On January 25, 2022, Gatos Silver stated that “[d]uring the Company’s resource and reserve update process for the Los Gatos Joint Venture (‘LGJV’), which included a detailed reconciliation of recent production performance, the Company concluded that there were errors in the technical report entitled ‘Los Gatos Project, Chihuahua, Mexico’ with an effective date of July 1, 2020 (the ‘2020 Technical Report’), as well as indications that there is an overestimation in the existing resource model.”

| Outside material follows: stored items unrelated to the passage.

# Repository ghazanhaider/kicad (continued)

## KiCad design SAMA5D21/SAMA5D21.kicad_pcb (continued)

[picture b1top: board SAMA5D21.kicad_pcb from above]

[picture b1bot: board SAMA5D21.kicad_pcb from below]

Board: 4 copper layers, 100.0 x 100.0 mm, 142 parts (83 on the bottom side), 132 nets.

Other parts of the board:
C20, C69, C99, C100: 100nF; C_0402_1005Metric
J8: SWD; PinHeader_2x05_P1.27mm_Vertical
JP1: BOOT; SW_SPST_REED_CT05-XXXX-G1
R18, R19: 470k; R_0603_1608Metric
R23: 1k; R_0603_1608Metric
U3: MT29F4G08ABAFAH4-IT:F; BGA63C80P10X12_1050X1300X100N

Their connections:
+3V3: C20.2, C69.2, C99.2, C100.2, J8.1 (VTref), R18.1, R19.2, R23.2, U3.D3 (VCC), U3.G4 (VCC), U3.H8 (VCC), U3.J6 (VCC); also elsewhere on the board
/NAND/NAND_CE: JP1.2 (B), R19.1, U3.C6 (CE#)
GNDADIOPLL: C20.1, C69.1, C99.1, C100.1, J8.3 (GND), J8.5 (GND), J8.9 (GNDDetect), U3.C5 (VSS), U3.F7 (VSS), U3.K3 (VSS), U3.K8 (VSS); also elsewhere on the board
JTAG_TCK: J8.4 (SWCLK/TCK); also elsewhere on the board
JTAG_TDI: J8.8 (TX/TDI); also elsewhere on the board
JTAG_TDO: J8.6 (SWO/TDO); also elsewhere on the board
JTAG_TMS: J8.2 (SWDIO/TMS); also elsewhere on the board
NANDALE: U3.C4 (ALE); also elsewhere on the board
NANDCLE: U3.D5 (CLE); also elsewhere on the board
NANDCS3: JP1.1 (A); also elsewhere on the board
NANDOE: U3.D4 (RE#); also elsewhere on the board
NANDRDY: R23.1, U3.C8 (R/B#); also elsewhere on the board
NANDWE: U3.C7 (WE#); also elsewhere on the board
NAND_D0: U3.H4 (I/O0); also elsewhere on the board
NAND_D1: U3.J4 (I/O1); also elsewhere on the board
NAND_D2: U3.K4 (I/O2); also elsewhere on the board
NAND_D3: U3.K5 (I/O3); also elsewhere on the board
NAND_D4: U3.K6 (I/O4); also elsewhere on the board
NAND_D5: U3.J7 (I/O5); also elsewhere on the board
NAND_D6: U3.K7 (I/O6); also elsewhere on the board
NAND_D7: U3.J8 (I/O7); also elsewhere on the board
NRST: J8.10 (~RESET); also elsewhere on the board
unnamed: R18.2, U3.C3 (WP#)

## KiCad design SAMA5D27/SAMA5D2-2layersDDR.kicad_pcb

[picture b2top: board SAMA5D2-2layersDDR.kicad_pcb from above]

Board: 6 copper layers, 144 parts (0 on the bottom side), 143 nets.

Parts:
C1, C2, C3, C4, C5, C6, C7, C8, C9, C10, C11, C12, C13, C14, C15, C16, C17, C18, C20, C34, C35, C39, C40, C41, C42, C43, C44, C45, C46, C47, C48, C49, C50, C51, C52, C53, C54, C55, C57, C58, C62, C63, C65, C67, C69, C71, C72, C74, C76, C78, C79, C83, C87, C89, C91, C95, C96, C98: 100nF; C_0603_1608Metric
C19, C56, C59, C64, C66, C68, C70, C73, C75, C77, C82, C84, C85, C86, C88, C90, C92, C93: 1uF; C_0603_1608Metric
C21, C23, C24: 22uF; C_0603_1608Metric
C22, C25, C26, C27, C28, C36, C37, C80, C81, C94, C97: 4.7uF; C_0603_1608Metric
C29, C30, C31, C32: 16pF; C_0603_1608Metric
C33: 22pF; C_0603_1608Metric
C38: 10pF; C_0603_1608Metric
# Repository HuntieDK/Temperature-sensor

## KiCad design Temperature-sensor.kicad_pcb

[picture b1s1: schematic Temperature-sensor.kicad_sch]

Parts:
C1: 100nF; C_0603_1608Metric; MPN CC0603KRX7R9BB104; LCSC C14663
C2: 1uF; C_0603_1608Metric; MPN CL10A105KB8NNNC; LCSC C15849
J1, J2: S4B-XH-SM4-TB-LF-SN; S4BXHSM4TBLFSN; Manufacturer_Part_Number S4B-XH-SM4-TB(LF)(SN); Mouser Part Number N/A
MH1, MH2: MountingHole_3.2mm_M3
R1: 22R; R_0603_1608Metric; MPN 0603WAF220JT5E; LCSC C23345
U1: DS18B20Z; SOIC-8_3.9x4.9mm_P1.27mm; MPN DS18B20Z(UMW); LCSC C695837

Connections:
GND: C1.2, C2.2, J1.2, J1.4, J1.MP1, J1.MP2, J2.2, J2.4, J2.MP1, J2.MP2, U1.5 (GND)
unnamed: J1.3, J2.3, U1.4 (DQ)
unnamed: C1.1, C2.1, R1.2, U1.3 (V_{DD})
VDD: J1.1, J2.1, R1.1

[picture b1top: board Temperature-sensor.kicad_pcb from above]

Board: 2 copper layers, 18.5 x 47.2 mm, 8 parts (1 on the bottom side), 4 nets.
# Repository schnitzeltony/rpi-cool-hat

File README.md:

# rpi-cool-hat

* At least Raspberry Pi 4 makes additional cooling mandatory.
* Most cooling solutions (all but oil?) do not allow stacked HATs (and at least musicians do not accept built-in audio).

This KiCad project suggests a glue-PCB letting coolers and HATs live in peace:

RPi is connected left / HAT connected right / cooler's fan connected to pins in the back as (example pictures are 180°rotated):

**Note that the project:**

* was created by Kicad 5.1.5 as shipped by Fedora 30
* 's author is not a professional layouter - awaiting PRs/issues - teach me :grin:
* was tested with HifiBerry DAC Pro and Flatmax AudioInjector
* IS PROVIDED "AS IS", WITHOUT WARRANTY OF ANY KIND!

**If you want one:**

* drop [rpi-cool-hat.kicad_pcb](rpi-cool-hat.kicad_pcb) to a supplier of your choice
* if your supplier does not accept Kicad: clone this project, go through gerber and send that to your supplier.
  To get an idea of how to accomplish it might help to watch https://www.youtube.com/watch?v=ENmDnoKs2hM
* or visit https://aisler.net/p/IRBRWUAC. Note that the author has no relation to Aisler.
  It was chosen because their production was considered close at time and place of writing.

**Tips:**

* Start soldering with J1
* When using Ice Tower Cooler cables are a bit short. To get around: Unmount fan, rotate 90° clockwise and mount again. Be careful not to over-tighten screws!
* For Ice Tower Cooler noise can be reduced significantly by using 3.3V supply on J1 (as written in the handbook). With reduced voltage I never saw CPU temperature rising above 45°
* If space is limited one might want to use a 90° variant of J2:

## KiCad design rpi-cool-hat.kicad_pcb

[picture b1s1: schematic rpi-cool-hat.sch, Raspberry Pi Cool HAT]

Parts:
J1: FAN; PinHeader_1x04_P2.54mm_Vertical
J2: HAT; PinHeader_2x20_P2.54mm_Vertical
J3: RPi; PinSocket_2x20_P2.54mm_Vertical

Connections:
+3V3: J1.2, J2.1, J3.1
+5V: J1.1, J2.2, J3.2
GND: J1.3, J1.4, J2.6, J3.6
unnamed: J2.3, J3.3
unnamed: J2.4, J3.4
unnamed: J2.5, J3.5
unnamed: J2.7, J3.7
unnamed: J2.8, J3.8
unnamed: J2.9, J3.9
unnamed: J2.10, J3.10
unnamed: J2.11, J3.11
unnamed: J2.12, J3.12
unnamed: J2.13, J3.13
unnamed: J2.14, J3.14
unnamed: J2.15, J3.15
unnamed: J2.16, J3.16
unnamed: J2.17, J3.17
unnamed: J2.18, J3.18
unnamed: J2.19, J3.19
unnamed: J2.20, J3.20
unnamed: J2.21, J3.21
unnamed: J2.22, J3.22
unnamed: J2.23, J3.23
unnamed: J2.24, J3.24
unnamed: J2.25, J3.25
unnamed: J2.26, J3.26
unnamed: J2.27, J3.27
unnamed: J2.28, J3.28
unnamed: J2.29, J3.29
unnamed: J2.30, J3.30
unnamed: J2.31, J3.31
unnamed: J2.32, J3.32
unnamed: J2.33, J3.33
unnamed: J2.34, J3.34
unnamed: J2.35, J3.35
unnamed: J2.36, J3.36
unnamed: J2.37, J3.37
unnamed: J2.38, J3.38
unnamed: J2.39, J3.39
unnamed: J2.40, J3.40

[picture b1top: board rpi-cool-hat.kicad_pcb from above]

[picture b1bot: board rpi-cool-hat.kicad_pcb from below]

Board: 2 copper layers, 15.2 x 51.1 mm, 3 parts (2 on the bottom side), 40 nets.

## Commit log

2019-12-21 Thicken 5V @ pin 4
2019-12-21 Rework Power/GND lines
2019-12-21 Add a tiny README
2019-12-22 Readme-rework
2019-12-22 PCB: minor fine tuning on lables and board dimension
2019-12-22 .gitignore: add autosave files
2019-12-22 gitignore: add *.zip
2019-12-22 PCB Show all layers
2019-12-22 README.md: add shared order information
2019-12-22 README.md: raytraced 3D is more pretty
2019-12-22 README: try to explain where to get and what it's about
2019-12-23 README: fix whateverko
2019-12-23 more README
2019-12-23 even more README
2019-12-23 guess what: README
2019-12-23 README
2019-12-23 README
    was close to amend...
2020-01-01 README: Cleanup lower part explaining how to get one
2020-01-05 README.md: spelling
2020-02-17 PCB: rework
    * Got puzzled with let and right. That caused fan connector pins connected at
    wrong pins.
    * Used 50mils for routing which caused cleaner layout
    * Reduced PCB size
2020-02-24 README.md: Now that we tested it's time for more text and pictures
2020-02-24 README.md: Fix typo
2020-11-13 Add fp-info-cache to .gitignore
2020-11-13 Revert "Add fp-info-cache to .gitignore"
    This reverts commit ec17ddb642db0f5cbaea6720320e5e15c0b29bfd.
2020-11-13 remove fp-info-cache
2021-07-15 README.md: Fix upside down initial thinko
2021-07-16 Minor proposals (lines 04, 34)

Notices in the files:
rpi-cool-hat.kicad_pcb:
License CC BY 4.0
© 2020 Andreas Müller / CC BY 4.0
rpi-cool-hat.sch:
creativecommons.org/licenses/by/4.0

Gatos Silver also stated that “[o]n a preliminary basis, the Company estimates a potential reduction of the metal content of Cerro Los Gatos’ (‘CLG’) mineral reserve ranging from 30% to 50% of the metal content remaining after depletion. Since the 2020 Technical Report, depletion is 1.3 million tonnes grading 284 g/t silver, 3.9% zinc, 2.3% lead and 0.3 g/t gold that has been processed from July 1, 2020 to December 31, 2021. At this time, the Company cannot accurately quantify the exact magnitude of the reduction, and the mineral resource and reserve estimates in the 2020 Technical Report should not be relied upon.”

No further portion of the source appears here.